JOSIAH’S SUCCESSORS AND THE KING OF MIZRAIM

Thus the power most dreaded by Judah is once more the North Arabian Mizrim, though the race which now predominated in Mizrim had, perhaps, only lately arrived there. The late editor of Kings, however, confounded Mizrim with Mizraim (Egypt), and represented the king whom Josiah encountered as Neku of Egypt; he also confounded the place-name Migdol with Megiddo. It is not impossible that the enterprising Neku of Egypt really did interfere with the affairs of Syria, but, if so, it was hardly Josiah whom he had to deal with. It appears to be clear from the Hebrew narratives, critically interpreted, that it was first the Mizrites and then the Babelites or Jerahmeelites (i.e., the peoples to which the Hebrew writers, archaising, apply these names) who interfered with southern Palestine. The Mizrite king is said to have deposed Josiah’s successor, Jehoahaz, after a reign of three months, and nominated a brother of Jehoahaz named Eliakim or Jehoiakim, as king (608 or 607 B.C.?). It was a short-lived suzerainty; another king, miscalled by the later editor the king of Babel (the name should be “Jerahmeel”), appeared, and asserted his claim to the Negeb. Jehoiakim became his vassal, but after three years rebelled, preferring the old vassalage to the new. Apparently he died before a fresh invasion took place; it was his son Jehoiachin who, yielding to necessity, surrendered to the Jerahmeelite army, and together with the principal citizens of Jerusalem, including the prophet Ezekiel, was deported. A third son of Josiah, named Mattaniah or Zedekiah, was appointed king by the conqueror. The early part of his reign was quiet, but the unenlightened war party, which trusted in the oracles of its own prophets and in the promises of the king of Mizrim, forced the king to revolt, thus involving his people in the fate long foreseen by the prophet Jeremiah. The destruction of Jerusalem and the temple, and a second captivity, followed. The sons of Zedekiah were slain; he himself was blinded.
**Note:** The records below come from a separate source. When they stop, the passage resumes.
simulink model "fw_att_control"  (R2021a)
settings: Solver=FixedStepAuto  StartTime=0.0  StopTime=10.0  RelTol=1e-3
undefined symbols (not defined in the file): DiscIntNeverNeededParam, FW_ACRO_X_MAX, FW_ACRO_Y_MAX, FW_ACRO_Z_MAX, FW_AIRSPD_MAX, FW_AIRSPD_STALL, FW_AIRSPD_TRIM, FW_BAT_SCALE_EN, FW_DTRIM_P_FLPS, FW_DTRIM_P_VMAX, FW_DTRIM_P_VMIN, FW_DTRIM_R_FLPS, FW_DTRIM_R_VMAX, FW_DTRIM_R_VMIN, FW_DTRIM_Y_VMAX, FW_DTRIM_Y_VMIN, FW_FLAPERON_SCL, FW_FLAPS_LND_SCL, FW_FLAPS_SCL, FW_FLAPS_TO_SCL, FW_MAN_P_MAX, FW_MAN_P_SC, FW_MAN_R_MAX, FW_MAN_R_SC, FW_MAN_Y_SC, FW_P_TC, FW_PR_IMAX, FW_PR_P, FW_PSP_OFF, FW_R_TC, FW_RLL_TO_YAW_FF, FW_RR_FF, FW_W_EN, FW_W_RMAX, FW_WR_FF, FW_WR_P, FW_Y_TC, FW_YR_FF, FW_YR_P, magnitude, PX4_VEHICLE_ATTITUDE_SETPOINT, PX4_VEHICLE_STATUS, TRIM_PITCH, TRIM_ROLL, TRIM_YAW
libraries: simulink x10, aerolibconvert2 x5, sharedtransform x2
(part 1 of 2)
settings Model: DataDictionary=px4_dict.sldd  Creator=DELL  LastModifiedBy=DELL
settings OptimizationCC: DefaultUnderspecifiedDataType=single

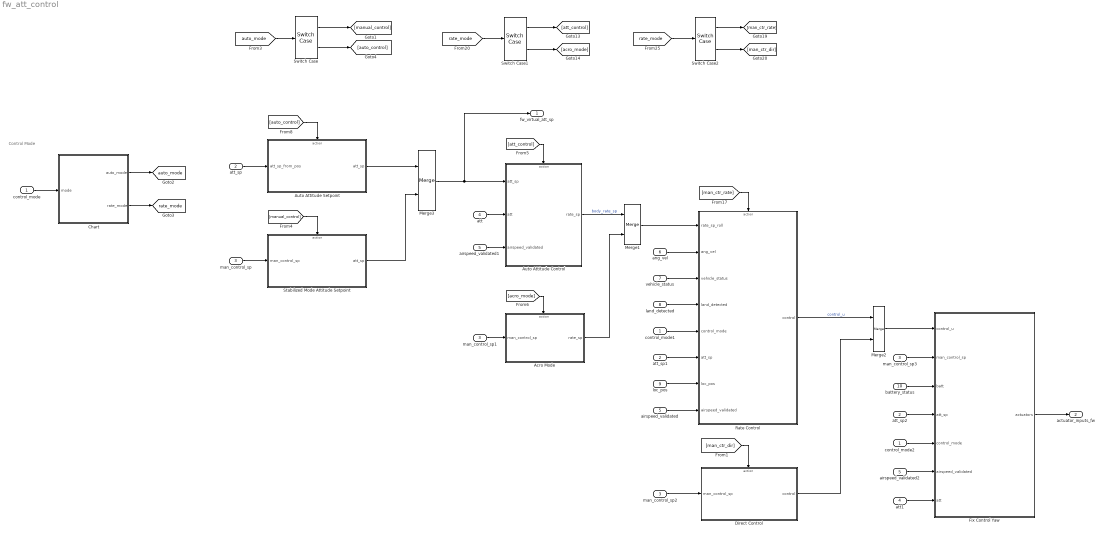
== system fw_att_control ==
  note: Control Mode
  control_mode : Inport  OutDataTypeStr=Bus: px4_vehicle_control_mode  BusOutputAsStruct=on
  att_sp : Inport  Port=2  OutDataTypeStr=Bus: px4_vehicle_attitude_setpoint  BusOutputAsStruct=on
  man_control_sp2 : Inport  Port=3  OutDataTypeStr=Bus: px4_manual_control_setpoint  BusOutputAsStruct=on
  att : Inport  Port=4  OutDataTypeStr=Bus: px4_vehicle_attitude  BusOutputAsStruct=on
  airspeed_validated1 : Inport  Port=5  OutDataTypeStr=Bus: px4_airspeed_validated  BusOutputAsStruct=on
  ang_vel : Inport  Port=6  OutDataTypeStr=Bus: px4_vehicle_angular_velocity  BusOutputAsStruct=on
  vehicle_status : Inport  Port=7  OutDataTypeStr=Bus: px4_vehicle_status  BusOutputAsStruct=on
  land_detected : Inport  Port=8  OutDataTypeStr=Bus: px4_vehicle_land_detected  BusOutputAsStruct=on
  loc_pos : Inport  Port=9  OutDataTypeStr=Bus: px4_vehicle_local_position
  battery_status : Inport  Port=10  OutDataTypeStr=Bus: px4_battery_status  BusOutputAsStruct=on
  Acro Mode : Subsystem  TreatAsAtomicUnit=on
  Auto Attitude Control : Subsystem
  Auto Attitude Setpoint : Subsystem
  Chart : Stateflow chart  TreatAsAtomicUnit=on
  "Direct Control " : Subsystem  TreatAsAtomicUnit=on
  Fix Control Yaw : Subsystem
  Merge1 : Merge
  Merge2 : Merge
  Merge3 : Merge
  Rate Control : Subsystem
  Stabilized Mode Attitude Setpoint : Subsystem  TreatAsAtomicUnit=on
  Switch Case : SwitchCase  CaseConditions={1,2 }  ShowDefaultCase=off
  Switch Case1 : SwitchCase  CaseConditions={1,2}  ShowDefaultCase=off
  Switch Case2 : SwitchCase  CaseConditions={2}
  airspeed_validated : InportShadow  Port=5  OutDataTypeStr=Bus: px4_airspeed_validated  BusOutputAsStruct=on
  airspeed_validated2 : InportShadow  Port=5  OutDataTypeStr=Bus: px4_airspeed_validated  BusOutputAsStruct=on
  att1 : InportShadow  Port=4  OutDataTypeStr=Bus: px4_vehicle_attitude  BusOutputAsStruct=on
  att_sp1 : InportShadow  Port=2  OutDataTypeStr=Bus: px4_vehicle_attitude_setpoint  BusOutputAsStruct=on
  att_sp2 : InportShadow  Port=2  OutDataTypeStr=Bus: px4_vehicle_attitude_setpoint  BusOutputAsStruct=on
  control_mode1 : InportShadow  OutDataTypeStr=Bus: px4_vehicle_control_mode  BusOutputAsStruct=on
  control_mode2 : InportShadow  OutDataTypeStr=Bus: px4_vehicle_control_mode  BusOutputAsStruct=on
  man_control_sp : InportShadow  Port=3  OutDataTypeStr=Bus: px4_manual_control_setpoint  BusOutputAsStruct=on
  man_control_sp1 : InportShadow  Port=3  OutDataTypeStr=Bus: px4_manual_control_setpoint  BusOutputAsStruct=on
  man_control_sp3 : InportShadow  Port=3  OutDataTypeStr=Bus: px4_manual_control_setpoint  BusOutputAsStruct=on
  fw_virtual_att_sp : Outport  OutDataTypeStr=Bus: px4_vehicle_attitude_setpoint  BusOutputAsStruct=on
  actuator_inputs_fw : Outport  Port=2  OutDataTypeStr=Bus: px4_actuator_controls_0  BusOutputAsStruct=on
  tag scope: auto_mode=global, rate_mode=global
  wires:
  Chart/1(auto_mode) -> [auto_mode]
  Chart/2(rate_mode) -> [rate_mode]
  control_mode/1 -> Chart/1(mode)
  att_sp2/1 -> Fix Control Yaw/4(att_sp)
  Auto Attitude Control/1(rate_sp) -> Merge1/1  "body_rate_sp"
  Acro Mode/1(rate_sp) -> Merge1/2
  [att_control] -> Auto Attitude Control/Action
  Switch Case1/2 -> [acro_mode]
  att/1 -> Auto Attitude Control/2(att)
  [rate_mode] -> Switch Case1/1
  Switch Case1/1 -> [att_control]
  man_control_sp1/1 -> Acro Mode/1(man_control_sp)
  Merge2/1 -> Fix Control Yaw/1(control_u)
  Rate Control/1(control) -> Merge2/1  "control_u"
  ang_vel/1 -> Rate Control/2(ang_vel)
  "Direct Control "/1(control) -> Merge2/2
  Switch Case2/2 -> [man_ctr_dir]
  [man_ctr_dir] -> "Direct Control "/Action
  [man_ctr_rate] -> Rate Control/Action
  Switch Case2/1 -> [man_ctr_rate]
  [rate_mode] -> Switch Case2/1
  man_control_sp2/1 -> "Direct Control "/1(man_control_sp)
  man_control_sp3/1 -> Fix Control Yaw/2(man_control_sp)
  control_mode2/1 -> Fix Control Yaw/5(control_mode)
  vehicle_status/1 -> Rate Control/3(vehicle_status)
  land_detected/1 -> Rate Control/4(land_detected)
  control_mode1/1 -> Rate Control/5(control_mode)
  att_sp1/1 -> Rate Control/6(att_sp)
  battery_status/1 -> Fix Control Yaw/3(batt)
  Merge1/1 -> Rate Control/1(rate_sp_roll)
  airspeed_validated2/1 -> Fix Control Yaw/6(airspeed_validated)
  airspeed_validated1/1 -> Auto Attitude Control/3(airspeed_validated)
  airspeed_validated/1 -> Rate Control/8(airspeed_validated)
  loc_pos/1 -> Rate Control/7(loc_pos)
  [auto_mode] -> Switch Case/1
  [acro_mode] -> Acro Mode/Action
  Switch Case/1 -> [manual_control]
  Switch Case/2 -> [auto_control]
  man_control_sp/1 -> Stabilized Mode Attitude Setpoint/1(man_control_sp)
  Merge3/1 -> fw_virtual_att_sp/1, Auto Attitude Control/1(att_sp)
  [manual_control] -> Stabilized Mode Attitude Setpoint/Action
  [auto_control] -> Auto Attitude Setpoint/Action
  att1/1 -> Fix Control Yaw/7(att)
  Fix Control Yaw/1(actuators) -> actuator_inputs_fw/1
  Stabilized Mode Attitude Setpoint/1(att_sp) -> Merge3/2
  Auto Attitude Setpoint/1(att_sp) -> Merge3/1
  att_sp/1 -> Auto Attitude Setpoint/1(att_sp_from_pos)

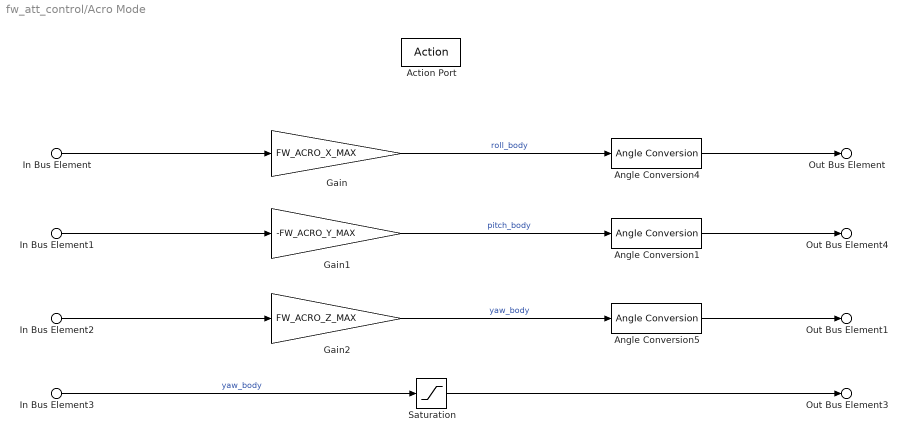
== system fw_att_control/Acro Mode ==
  In Bus Element : Inport  PortName=man_control_sp  Element=y
  In Bus Element1 : Inport  PortName=man_control_sp  Element=x
  In Bus Element2 : Inport  PortName=man_control_sp  Element=r
  In Bus Element3 : Inport  PortName=man_control_sp  Element=z
  Action Port : ActionPort  ActionPortLabel=case [ 2 ]:
  Angle Conversion1 : aerolibconvert2/Angle Conversion  IU=deg  OU=rad
  Angle Conversion4 : aerolibconvert2/Angle Conversion  IU=deg  OU=rad
  Angle Conversion5 : aerolibconvert2/Angle Conversion  IU=deg  OU=rad
  Gain : Gain  Gain=FW_ACRO_X_MAX
  Gain1 : Gain  Gain=-FW_ACRO_Y_MAX
  Gain2 : Gain  Gain=FW_ACRO_Z_MAX
  Saturation : Saturate  UpperLimit=1  LowerLimit=0
      settings: AttributesFormatString=[%<LowerLimit>,%<UpperLimit>]
  Out Bus Element : Outport  PortName=rate_sp  Element=roll
  Out Bus Element4 : Outport  PortName=rate_sp  Element=pitch
  Out Bus Element1 : Outport  PortName=rate_sp  Element=yaw
  Out Bus Element3 : Outport  PortName=rate_sp  Element=thrust
  wires:
  Gain1/1 -> Angle Conversion1/1  "pitch_body"
  In Bus Element3/1 -> Saturation/1  "yaw_body"
  Gain/1 -> Angle Conversion4/1  "roll_body"
  In Bus Element/1 -> Gain/1
  In Bus Element1/1 -> Gain1/1
  In Bus Element2/1 -> Gain2/1
  Gain2/1 -> Angle Conversion5/1  "yaw_body"
  Saturation/1 -> Out Bus Element3/1
  Angle Conversion4/1 -> Out Bus Element/1
  Angle Conversion1/1 -> Out Bus Element4/1
  Angle Conversion5/1 -> Out Bus Element1/1

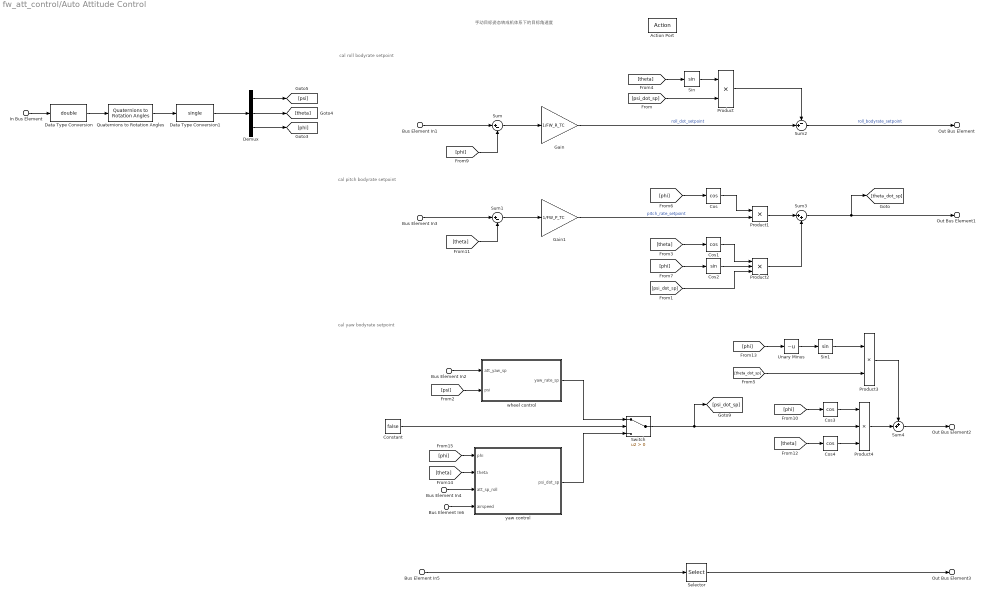
== system fw_att_control/Auto Attitude Control ==
  note: cal yaw bodyrate setpoint
  note: cal pitch bodyrate setpoint
  note: cal roll bodyrate setpoint
  note: 手动目标姿态转成机体系下的目标角速度
  Bus Element In3 : Inport  PortName=att_sp  Element=pitch_body
  Bus Element In5 : Inport  PortName=att_sp  Element=thrust_body
  Bus Element In2 : Inport  PortName=att_sp  Element=yaw_body
  Bus Element In1 : Inport  PortName=att_sp  Element=roll_body
  Bus Element In4 : Inport  PortName=att_sp  Element=roll_body
  In Bus Element : Inport  Port=2  PortName=att  Element=q
  Bus Element In6 : Inport  Port=3  PortName=airspeed_validated  Element=calibrated_airspeed_m_s
  Action Port : ActionPort  ActionPortLabel=case [ 1 ]:
  Constant : Constant  Value=false  OutDataTypeStr=boolean
  Cos{,1,3..4} (4 alike) : Trigonometry  Operator=cos
  Cos2 : Trigonometry
  Data Type Conversion : DataTypeConversion  OutDataTypeStr=double
  Data Type Conversion1 : DataTypeConversion  OutDataTypeStr=single
  Demux : Demux  Outputs=3
  Gain : Gain  Gain=1/FW_R_TC
  Gain1 : Gain  Gain=1/FW_P_TC
  Product : Product
  Product1 : Product
  Product2 : Product  Inputs=3
  Product3 : Product
  Product4 : Product  Inputs=3
  Quaternions to Rotation Angles : sharedtransform/Quaternions to Rotation Angles  rotationOrder=ZYX  aMode=aMode
      settings: SourceProductBaseCode=AE,PW,DR,MT,UV,VE
  Selector : Selector  InputPortWidth=3  IndexOptions=Index vector (dialog)  Indices=[1]  OutputSizes=1
  Sin : Trigonometry
  Sin1 : Trigonometry
  Sum : Sum  Inputs=|+-
  Sum1 : Sum  Inputs=|+-
  Sum2 : Sum  Inputs=-+|
  Sum3 : Sum  Inputs=|++
  Sum4 : Sum  Inputs=++|
  Switch : Switch  Criteria=u2 > Threshold
  Unary Minus : UnaryMinus
  wheel control : Subsystem  TreatAsAtomicUnit=on
  yaw control : Subsystem  TreatAsAtomicUnit=on
  Out Bus Element : Outport  PortName=rate_sp  Element=roll
  Out Bus Element1 : Outport  PortName=rate_sp  Element=pitch
  Out Bus Element2 : Outport  PortName=rate_sp  Element=yaw
  Out Bus Element3 : Outport  PortName=rate_sp  Element=thrust
  wires:
  Quaternions to Rotation Angles/1 -> Data Type Conversion1/1
  In Bus Element/1 -> Data Type Conversion/1
  Data Type Conversion/1 -> Quaternions to Rotation Angles/1
  Data Type Conversion1/1 -> Demux/1
  Demux/1 -> [psi]
  Demux/2 -> [theta]
  Demux/3 -> [phi]
  Sum3/1 -> Out Bus Element1/1, [theta_dot_sp]
  Sum2/1 -> Out Bus Element/1  "roll_bodyrate_setpoint"
  [theta] -> Sin/1
  Sin/1 -> Product/1
  Sum/1 -> Gain/1
  [phi] -> Sum/2
  [psi_dot_sp] -> Product/2
  Gain/1 -> Sum2/2  "roll_dot_setpoint"
  Bus Element In1/1 -> Sum/1
  Product/1 -> Sum2/1
  Bus Element In3/1 -> Sum1/1
  Cos1/1 -> Product2/1
  Cos/1 -> Product1/1
  Cos2/1 -> Product2/2
  Product2/1 -> Sum3/2
  Sum1/1 -> Gain1/1
  Product1/1 -> Sum3/1
  [theta] -> Cos1/1
  [psi_dot_sp] -> Product2/3
  [theta] -> Sum1/2
  [phi] -> Cos/1
  Gain1/1 -> Product1/2  "pitch_rate_setpoint"
  [phi] -> Cos2/1
  Bus Element In5/1 -> Selector/1
  [phi] -> Cos3/1
  [phi] -> Unary Minus/1
  Switch/1 -> Product4/2, [psi_dot_sp]
  Unary Minus/1 -> Sin1/1
  [theta_dot_sp] -> Product3/2
  Bus Element In4/1 -> yaw control/3(att_sp_roll)
  Bus Element In6/1 -> yaw control/4(airspeed)
  [psi] -> wheel control/2(psi)
  Bus Element In2/1 -> wheel control/1(att_yaw_sp)
  Sum4/1 -> Out Bus Element2/1
  Cos3/1 -> Product4/1
  Product3/1 -> Sum4/1
  Product4/1 -> Sum4/2
  Sin1/1 -> Product3/1
  [theta] -> Cos4/1
  Cos4/1 -> Product4/3
  [phi] -> yaw control/1(phi)
  [theta] -> yaw control/2(theta)
  wheel control/1(yaw_rate_sp) -> Switch/1
  yaw control/1(psi_dot_sp) -> Switch/3
  Constant/1 -> Switch/2
  Selector/1 -> Out Bus Element3/1

== system fw_att_control/Auto Attitude Setpoint ==
  att_sp_from_pos : Inport
  Action Port : ActionPort  ActionPortLabel=case [ 2 ]:
  Signal Conversion : SignalConversion  ConversionOutput=Virtual bus  OverrideOpt=off
  att_sp : Outport
  wires:
  att_sp_from_pos/1 -> Signal Conversion/1
  Signal Conversion/1 -> att_sp/1

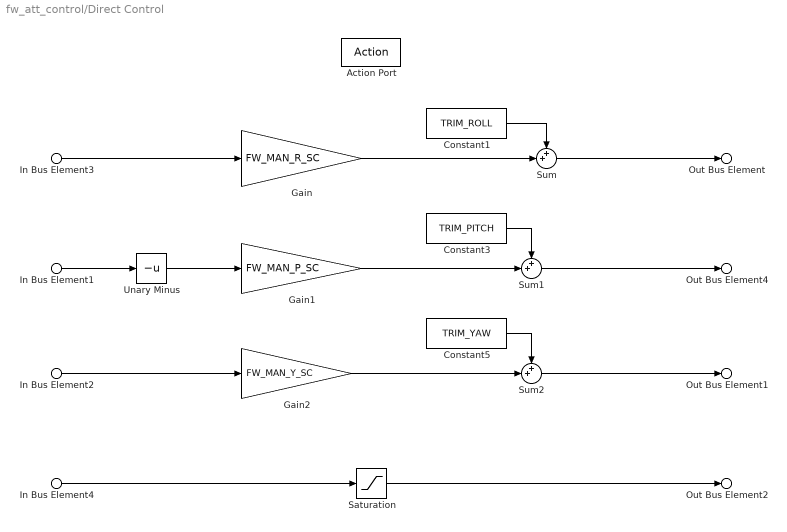
== system fw_att_control/Direct Control  ==
  In Bus Element3 : Inport  PortName=man_control_sp  Element=y
  In Bus Element1 : Inport  PortName=man_control_sp  Element=x
  In Bus Element2 : Inport  PortName=man_control_sp  Element=r
  In Bus Element4 : Inport  PortName=man_control_sp  Element=z
  Action Port : ActionPort  ActionPortLabel=default:
  Constant1 : Constant  Value=TRIM_ROLL
  Constant3 : Constant  Value=TRIM_PITCH
  Constant5 : Constant  Value=TRIM_YAW
  Gain : Gain  Gain=FW_MAN_R_SC
  Gain1 : Gain  Gain=FW_MAN_P_SC
  Gain2 : Gain  Gain=FW_MAN_Y_SC
  Saturation : Saturate  UpperLimit=1  LowerLimit=0
      settings: AttributesFormatString=[%<LowerLimit>,%<UpperLimit>]
  Sum : Sum  Inputs=++|
  Sum1 : Sum  Inputs=++|
  Sum2 : Sum  Inputs=++|
  Unary Minus : UnaryMinus
  Out Bus Element : Outport  PortName=control  Element=index_roll
  Out Bus Element4 : Outport  PortName=control  Element=index_pitch
  Out Bus Element1 : Outport  PortName=control  Element=index_yaw
  Out Bus Element2 : Outport  PortName=control  Element=index_throttle
  wires:
  In Bus Element3/1 -> Gain/1
  Sum/1 -> Out Bus Element/1
  Sum1/1 -> Out Bus Element4/1
  In Bus Element1/1 -> Unary Minus/1
  Unary Minus/1 -> Gain1/1
  In Bus Element2/1 -> Gain2/1
  Sum2/1 -> Out Bus Element1/1
  In Bus Element4/1 -> Saturation/1
  Saturation/1 -> Out Bus Element2/1
  Constant1/1 -> Sum/1
  Gain/1 -> Sum/2
  Constant3/1 -> Sum1/1
  Gain1/1 -> Sum1/2
  Constant5/1 -> Sum2/1
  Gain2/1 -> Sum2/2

OPERATIONS OF NEBUCHADREZZAR

It is true, the possibility must be allowed for, that the Arabians were but the helpers of the (true) Babylonians in their destructive operations, and that captives were carried away, partly to Babylon, partly into northern Arabia. It is at any rate difficult to believe that no captives of Judah at all went to Babylon. It is stated by the late Babylonian historian Berosus (if we may trust Josephus) that Nebuchadrezzar, who succeeded his father Nabopolassar after the destruction of Nineveh, conquered Egypt, Syria, Phœnicia and Arabia, from which countries he carried away captives. Egypt, however, Nebuchadrezzar cannot, apparently, be shown to have conquered, and the statement made by Berosus in another quotation of Josephus relative to the destruction of Jerusalem may not contain the whole truth. Inscriptions of Nebuchadrezzar are urgently wanted. At any rate, so far as we can learn from the evidence producible by criticism from the Hebrew writings, the bulk of the captives went into northern Arabia, and the oppression of the Jews in Judah, wherever this is referred to, appears to have proceeded from Arabians.